[Directions for this task]
Using the data below, return the stretch from the line that contains "#93786 = AXIS2_PLACEMENT_3D" through the line that contains "#113545 = DIRECTION", both included, exactly as it stands and nothing beyond it.

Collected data
# # # # #
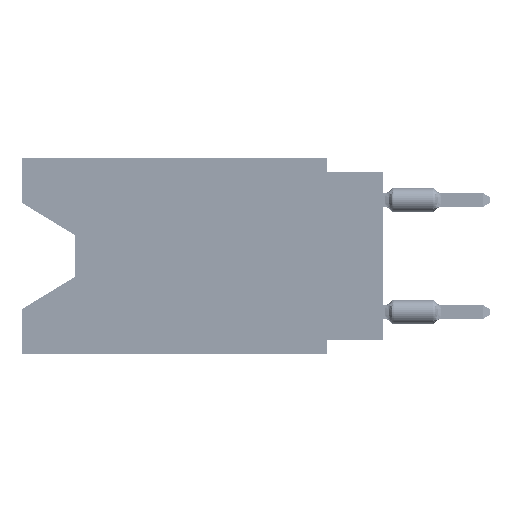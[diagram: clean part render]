
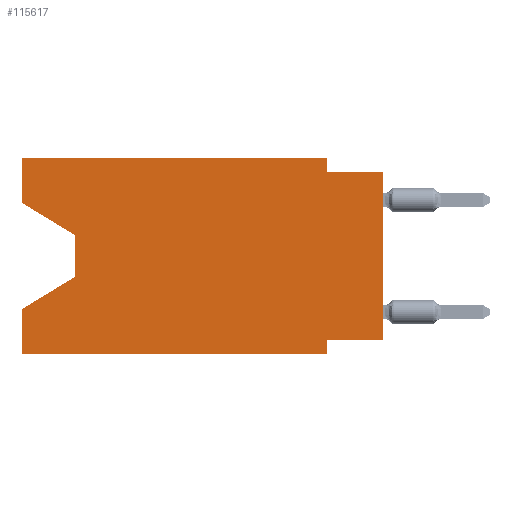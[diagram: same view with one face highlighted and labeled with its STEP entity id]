
A CAD part, left-side view. The second image highlights one B-rep face of the part: STEP entity #115617.
In plain terms, the highlighted planar face has unit normal (-1, 0, 0).
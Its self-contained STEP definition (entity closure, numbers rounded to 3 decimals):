
#791 = CARTESIAN_POINT ( 'NONE',  ( 0., 0., 0. ) ) ;
#849 = ORIENTED_EDGE ( 'NONE', *, *, #42921, .F. ) ;
#1864 = DIRECTION ( 'NONE',  ( 1., 0., 0. ) ) ;
#3373 = EDGE_CURVE ( 'NONE', #53223, #9026, #92463, .T. ) ;
#4753 = CARTESIAN_POINT ( 'NONE',  ( 0., 0., -0.635 ) ) ;
#4827 = VECTOR ( 'NONE', #106242, 1000. ) ;
#5299 = EDGE_CURVE ( 'NONE', #78418, #58433, #39350, .T. ) ;
#5456 = ORIENTED_EDGE ( 'NONE', *, *, #64181, .F. ) ;
#7790 = DIRECTION ( 'NONE',  ( 0., 0., -1. ) ) ;
#9026 = VERTEX_POINT ( 'NONE', #28286 ) ;
#9936 = ORIENTED_EDGE ( 'NONE', *, *, #26259, .T. ) ;
#15447 = CARTESIAN_POINT ( 'NONE',  ( 0., 2.54, 0. ) ) ;
#15708 = ORIENTED_EDGE ( 'NONE', *, *, #67773, .F. ) ;
#16282 = CARTESIAN_POINT ( 'NONE',  ( 0., 16.383, -2.038 ) ) ;
#20329 = CARTESIAN_POINT ( 'NONE',  ( 0., 0., -0.635 ) ) ;
#21132 = VECTOR ( 'NONE', #90152, 1000. ) ;
#21258 = VERTEX_POINT ( 'NONE', #117876 ) ;
#22355 = DIRECTION ( 'NONE',  ( 0., 0., -1. ) ) ;
#25136 = LINE ( 'NONE', #52506, #95208 ) ;
#26259 = EDGE_CURVE ( 'NONE', #87047, #58433, #93623, .T. ) ;
#26449 = VECTOR ( 'NONE', #7790, 1000. ) ;
#27309 = ORIENTED_EDGE ( 'NONE', *, *, #111386, .T. ) ;
#28286 = CARTESIAN_POINT ( 'NONE',  ( 0., 2.54, -8.255 ) ) ;
#28634 = DIRECTION ( 'NONE',  ( 0., 0., -1. ) ) ;
#28843 = DIRECTION ( 'NONE',  ( 0., -1., 0. ) ) ;
#29817 = ORIENTED_EDGE ( 'NONE', *, *, #54264, .F. ) ;
#29849 = PLANE ( 'NONE',  #93786 ) ;
#31303 = VECTOR ( 'NONE', #37879, 1000. ) ;
#31486 = CARTESIAN_POINT ( 'NONE',  ( 0., 2.54, -8.89 ) ) ;
#32410 = CARTESIAN_POINT ( 'NONE',  ( 0., 13.97, -3.505 ) ) ;
#33366 = VECTOR ( 'NONE', #113545, 1000. ) ;
#33845 = VERTEX_POINT ( 'NONE', #32410 ) ;
#34447 = CARTESIAN_POINT ( 'NONE',  ( 0., 2.54, 0. ) ) ;
#34950 = ORIENTED_EDGE ( 'NONE', *, *, #102064, .F. ) ;
#36145 = VECTOR ( 'NONE', #28843, 1000. ) ;
#37610 = VECTOR ( 'NONE', #22355, 1000. ) ;
#37879 = DIRECTION ( 'NONE',  ( 0., 0., 1. ) ) ;
#39350 = LINE ( 'NONE', #76464, #33366 ) ;
#39814 = CARTESIAN_POINT ( 'NONE',  ( 0., 13.97, -5.385 ) ) ;
#41123 = EDGE_CURVE ( 'NONE', #63950, #33845, #110524, .T. ) ;
#42921 = EDGE_CURVE ( 'NONE', #81678, #21258, #61225, .T. ) ;
#46204 = CARTESIAN_POINT ( 'NONE',  ( 0., 0., -8.255 ) ) ;
#46762 = CARTESIAN_POINT ( 'NONE',  ( 0., 13.97, -5.385 ) ) ;
#48544 = LINE ( 'NONE', #76520, #98941 ) ;
#49150 = ORIENTED_EDGE ( 'NONE', *, *, #75626, .T. ) ;
#49292 = VECTOR ( 'NONE', #80776, 1000. ) ;
#50742 = EDGE_LOOP ( 'NONE', ( #53885, #49150, #9936, #96713, #27309, #5456, #87283, #97278, #29817, #849, #15708, #34950 ) ) ;
#52506 = CARTESIAN_POINT ( 'NONE',  ( 0., 16.383, 0. ) ) ;
#53223 = VERTEX_POINT ( 'NONE', #88352 ) ;
#53885 = ORIENTED_EDGE ( 'NONE', *, *, #41123, .T. ) ;
#54264 = EDGE_CURVE ( 'NONE', #21258, #105513, #85403, .T. ) ;
#58433 = VERTEX_POINT ( 'NONE', #90372 ) ;
#59957 = VECTOR ( 'NONE', #82670, 1000. ) ;
#61225 = LINE ( 'NONE', #34447, #4827 ) ;
#62699 = CARTESIAN_POINT ( 'NONE',  ( 0., 16.383, 0. ) ) ;
#63127 = LINE ( 'NONE', #119079, #26449 ) ;
#63950 = VERTEX_POINT ( 'NONE', #118504 ) ;
#64181 = EDGE_CURVE ( 'NONE', #9026, #73880, #95985, .T. ) ;
#65186 = CARTESIAN_POINT ( 'NONE',  ( 0., 16.383, -8.89 ) ) ;
#67773 = EDGE_CURVE ( 'NONE', #97861, #81678, #48544, .T. ) ;
#72380 = DIRECTION ( 'NONE',  ( 0., 1., 0. ) ) ;
#73788 = LINE ( 'NONE', #791, #31303 ) ;
#73880 = VERTEX_POINT ( 'NONE', #31486 ) ;
#75626 = EDGE_CURVE ( 'NONE', #33845, #87047, #63127, .T. ) ;
#76464 = CARTESIAN_POINT ( 'NONE',  ( 0., 16.383, 0. ) ) ;
#76520 = CARTESIAN_POINT ( 'NONE',  ( 0., 16.383, 0. ) ) ;
#78418 = VERTEX_POINT ( 'NONE', #80788 ) ;
#80639 = EDGE_CURVE ( 'NONE', #53223, #105513, #73788, .T. ) ;
#80776 = DIRECTION ( 'NONE',  ( 0., -0.855, -0.519 ) ) ;
#80788 = CARTESIAN_POINT ( 'NONE',  ( 0., 16.383, -8.89 ) ) ;
#81678 = VERTEX_POINT ( 'NONE', #15447 ) ;
#82670 = DIRECTION ( 'NONE',  ( 0., 0.855, -0.519 ) ) ;
#85403 = LINE ( 'NONE', #20329, #36145 ) ;
#85664 = DIRECTION ( 'NONE',  ( 0., -1., 0. ) ) ;
#87047 = VERTEX_POINT ( 'NONE', #39814 ) ;
#87283 = ORIENTED_EDGE ( 'NONE', *, *, #3373, .F. ) ;
#88352 = CARTESIAN_POINT ( 'NONE',  ( 0., 0., -8.255 ) ) ;
#90152 = DIRECTION ( 'NONE',  ( 0., -1., 0. ) ) ;
#90372 = CARTESIAN_POINT ( 'NONE',  ( 0., 16.383, -6.852 ) ) ;
#92463 = LINE ( 'NONE', #46204, #102823 ) ;
#93623 = LINE ( 'NONE', #46762, #59957 ) ;
#93786 = AXIS2_PLACEMENT_3D ( 'NONE', #112549, #1864, #28634 ) ;
#95208 = VECTOR ( 'NONE', #107861, 1000. ) ;
#95985 = LINE ( 'NONE', #105080, #37610 ) ;
#96713 = ORIENTED_EDGE ( 'NONE', *, *, #5299, .F. ) ;
#97278 = ORIENTED_EDGE ( 'NONE', *, *, #80639, .T. ) ;
#97861 = VERTEX_POINT ( 'NONE', #62699 ) ;
#98941 = VECTOR ( 'NONE', #85664, 1000. ) ;
#102064 = EDGE_CURVE ( 'NONE', #63950, #97861, #25136, .T. ) ;
#102823 = VECTOR ( 'NONE', #72380, 1000. ) ;
#103452 = FACE_OUTER_BOUND ( 'NONE', #50742, .T. ) ;
#105080 = CARTESIAN_POINT ( 'NONE',  ( 0., 2.54, -8.89 ) ) ;
#105513 = VERTEX_POINT ( 'NONE', #4753 ) ;
#106242 = DIRECTION ( 'NONE',  ( 0., 0., -1. ) ) ;
#107861 = DIRECTION ( 'NONE',  ( 0., 0., 1. ) ) ;
#110524 = LINE ( 'NONE', #16282, #49292 ) ;
#111386 = EDGE_CURVE ( 'NONE', #78418, #73880, #119897, .T. ) ;
#112549 = CARTESIAN_POINT ( 'NONE',  ( 0., 16.383, 0. ) ) ;
#113545 = DIRECTION ( 'NONE',  ( 0., 0., 1. ) ) ;
#115617 = ADVANCED_FACE ( 'NONE', ( #103452 ), #29849, .F. ) ;
#117876 = CARTESIAN_POINT ( 'NONE',  ( 0., 2.54, -0.635 ) ) ;
#118504 = CARTESIAN_POINT ( 'NONE',  ( 0., 16.383, -2.038 ) ) ;
#119079 = CARTESIAN_POINT ( 'NONE',  ( 0., 13.97, -3.505 ) ) ;
#119897 = LINE ( 'NONE', #65186, #21132 ) ;
# # # # #
[Solution for this task]
#93786 = AXIS2_PLACEMENT_3D ( 'NONE', #112549, #1864, #28634 ) ;
#95208 = VECTOR ( 'NONE', #107861, 1000. ) ;
#95985 = LINE ( 'NONE', #105080, #37610 ) ;
#96713 = ORIENTED_EDGE ( 'NONE', *, *, #5299, .F. ) ;
#97278 = ORIENTED_EDGE ( 'NONE', *, *, #80639, .T. ) ;
#97861 = VERTEX_POINT ( 'NONE', #62699 ) ;
#98941 = VECTOR ( 'NONE', #85664, 1000. ) ;
#102064 = EDGE_CURVE ( 'NONE', #63950, #97861, #25136, .T. ) ;
#102823 = VECTOR ( 'NONE', #72380, 1000. ) ;
#103452 = FACE_OUTER_BOUND ( 'NONE', #50742, .T. ) ;
#105080 = CARTESIAN_POINT ( 'NONE',  ( 0., 2.54, -8.89 ) ) ;
#105513 = VERTEX_POINT ( 'NONE', #4753 ) ;
#106242 = DIRECTION ( 'NONE',  ( 0., 0., -1. ) ) ;
#107861 = DIRECTION ( 'NONE',  ( 0., 0., 1. ) ) ;
#110524 = LINE ( 'NONE', #16282, #49292 ) ;
#111386 = EDGE_CURVE ( 'NONE', #78418, #73880, #119897, .T. ) ;
#112549 = CARTESIAN_POINT ( 'NONE',  ( 0., 16.383, 0. ) ) ;
#113545 = DIRECTION ( 'NONE',  ( 0., 0., 1. ) ) ;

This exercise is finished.